(Excerpts from a dataset)
Segment Open
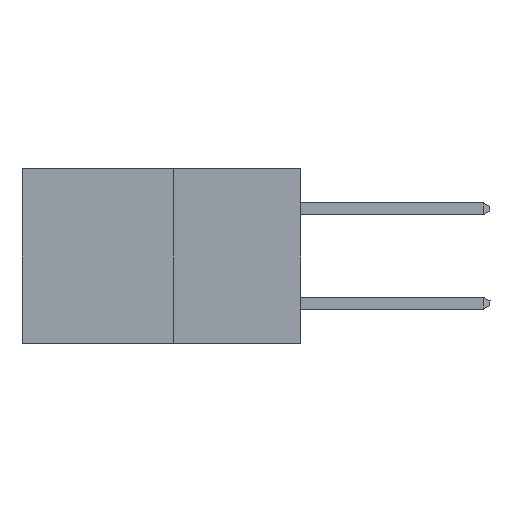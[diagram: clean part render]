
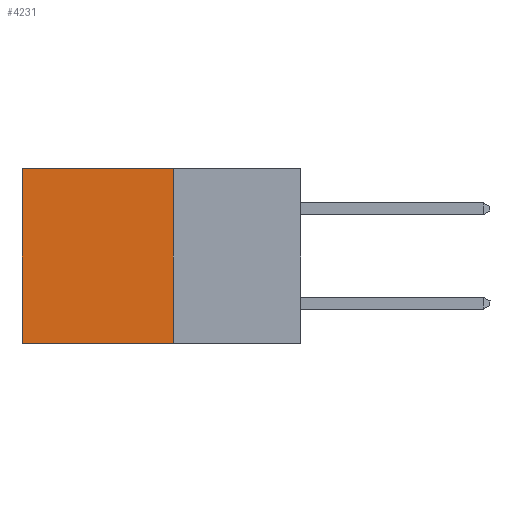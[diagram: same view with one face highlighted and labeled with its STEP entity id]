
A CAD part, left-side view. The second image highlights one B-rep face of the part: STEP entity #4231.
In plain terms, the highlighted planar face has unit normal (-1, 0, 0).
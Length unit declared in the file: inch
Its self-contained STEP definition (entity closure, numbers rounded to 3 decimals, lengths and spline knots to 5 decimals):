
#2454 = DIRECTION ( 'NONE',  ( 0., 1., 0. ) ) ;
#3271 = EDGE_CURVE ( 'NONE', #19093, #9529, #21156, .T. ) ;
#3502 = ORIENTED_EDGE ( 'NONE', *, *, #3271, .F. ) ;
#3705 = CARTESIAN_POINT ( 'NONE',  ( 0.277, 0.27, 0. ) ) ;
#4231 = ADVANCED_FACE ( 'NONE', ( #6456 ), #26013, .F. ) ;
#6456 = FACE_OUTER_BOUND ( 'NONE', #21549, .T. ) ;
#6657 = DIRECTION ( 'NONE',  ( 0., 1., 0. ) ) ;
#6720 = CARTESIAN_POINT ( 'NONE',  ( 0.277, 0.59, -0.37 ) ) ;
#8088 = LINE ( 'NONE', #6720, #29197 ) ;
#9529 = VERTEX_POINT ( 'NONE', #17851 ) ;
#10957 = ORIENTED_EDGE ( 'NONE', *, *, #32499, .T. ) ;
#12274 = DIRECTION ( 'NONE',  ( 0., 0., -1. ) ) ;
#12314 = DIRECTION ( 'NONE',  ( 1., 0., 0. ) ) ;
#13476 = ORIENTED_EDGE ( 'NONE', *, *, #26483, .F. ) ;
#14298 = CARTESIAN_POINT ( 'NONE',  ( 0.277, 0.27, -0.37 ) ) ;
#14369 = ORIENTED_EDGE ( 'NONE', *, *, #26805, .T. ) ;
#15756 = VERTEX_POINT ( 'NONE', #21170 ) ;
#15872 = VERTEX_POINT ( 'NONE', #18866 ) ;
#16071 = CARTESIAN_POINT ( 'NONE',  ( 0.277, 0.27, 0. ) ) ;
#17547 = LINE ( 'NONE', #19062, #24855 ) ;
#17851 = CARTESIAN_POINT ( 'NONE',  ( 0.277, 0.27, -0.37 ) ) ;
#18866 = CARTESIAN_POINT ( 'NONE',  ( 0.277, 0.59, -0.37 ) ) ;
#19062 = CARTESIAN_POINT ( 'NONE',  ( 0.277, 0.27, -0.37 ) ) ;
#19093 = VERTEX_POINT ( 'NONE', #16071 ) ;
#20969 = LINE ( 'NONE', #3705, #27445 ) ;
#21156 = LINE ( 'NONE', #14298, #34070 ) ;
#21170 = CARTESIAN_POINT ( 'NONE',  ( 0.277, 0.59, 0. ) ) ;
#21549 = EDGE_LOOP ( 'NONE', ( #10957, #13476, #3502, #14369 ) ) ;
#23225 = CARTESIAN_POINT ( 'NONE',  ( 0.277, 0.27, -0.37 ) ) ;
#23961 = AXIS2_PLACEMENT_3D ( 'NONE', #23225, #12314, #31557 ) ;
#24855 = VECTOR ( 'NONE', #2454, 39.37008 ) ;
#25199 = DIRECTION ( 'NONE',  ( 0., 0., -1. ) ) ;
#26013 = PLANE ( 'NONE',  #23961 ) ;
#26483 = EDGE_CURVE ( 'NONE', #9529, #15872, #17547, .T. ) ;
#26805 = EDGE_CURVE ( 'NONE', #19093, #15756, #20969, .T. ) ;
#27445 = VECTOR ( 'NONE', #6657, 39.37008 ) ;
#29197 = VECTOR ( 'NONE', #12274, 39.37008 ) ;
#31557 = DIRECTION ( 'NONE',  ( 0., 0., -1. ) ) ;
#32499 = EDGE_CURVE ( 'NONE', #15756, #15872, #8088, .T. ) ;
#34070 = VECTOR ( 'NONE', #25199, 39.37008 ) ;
Segment Closed
◆ PROBLEM TO SOLVE ◆
Of all the entries above, repeat only the lines from the line that has "#2454 = DIRECTION" to the line that has "#18866 = CARTESIAN_POINT", both lines included, exactly.

◆ WRITTEN RESPONSE ◆
#2454 = DIRECTION ( 'NONE',  ( 0., 1., 0. ) ) ;
#3271 = EDGE_CURVE ( 'NONE', #19093, #9529, #21156, .T. ) ;
#3502 = ORIENTED_EDGE ( 'NONE', *, *, #3271, .F. ) ;
#3705 = CARTESIAN_POINT ( 'NONE',  ( 0.277, 0.27, 0. ) ) ;
#4231 = ADVANCED_FACE ( 'NONE', ( #6456 ), #26013, .F. ) ;
#6456 = FACE_OUTER_BOUND ( 'NONE', #21549, .T. ) ;
#6657 = DIRECTION ( 'NONE',  ( 0., 1., 0. ) ) ;
#6720 = CARTESIAN_POINT ( 'NONE',  ( 0.277, 0.59, -0.37 ) ) ;
#8088 = LINE ( 'NONE', #6720, #29197 ) ;
#9529 = VERTEX_POINT ( 'NONE', #17851 ) ;
#10957 = ORIENTED_EDGE ( 'NONE', *, *, #32499, .T. ) ;
#12274 = DIRECTION ( 'NONE',  ( 0., 0., -1. ) ) ;
#12314 = DIRECTION ( 'NONE',  ( 1., 0., 0. ) ) ;
#13476 = ORIENTED_EDGE ( 'NONE', *, *, #26483, .F. ) ;
#14298 = CARTESIAN_POINT ( 'NONE',  ( 0.277, 0.27, -0.37 ) ) ;
#14369 = ORIENTED_EDGE ( 'NONE', *, *, #26805, .T. ) ;
#15756 = VERTEX_POINT ( 'NONE', #21170 ) ;
#15872 = VERTEX_POINT ( 'NONE', #18866 ) ;
#16071 = CARTESIAN_POINT ( 'NONE',  ( 0.277, 0.27, 0. ) ) ;
#17547 = LINE ( 'NONE', #19062, #24855 ) ;
#17851 = CARTESIAN_POINT ( 'NONE',  ( 0.277, 0.27, -0.37 ) ) ;
#18866 = CARTESIAN_POINT ( 'NONE',  ( 0.277, 0.59, -0.37 ) ) ;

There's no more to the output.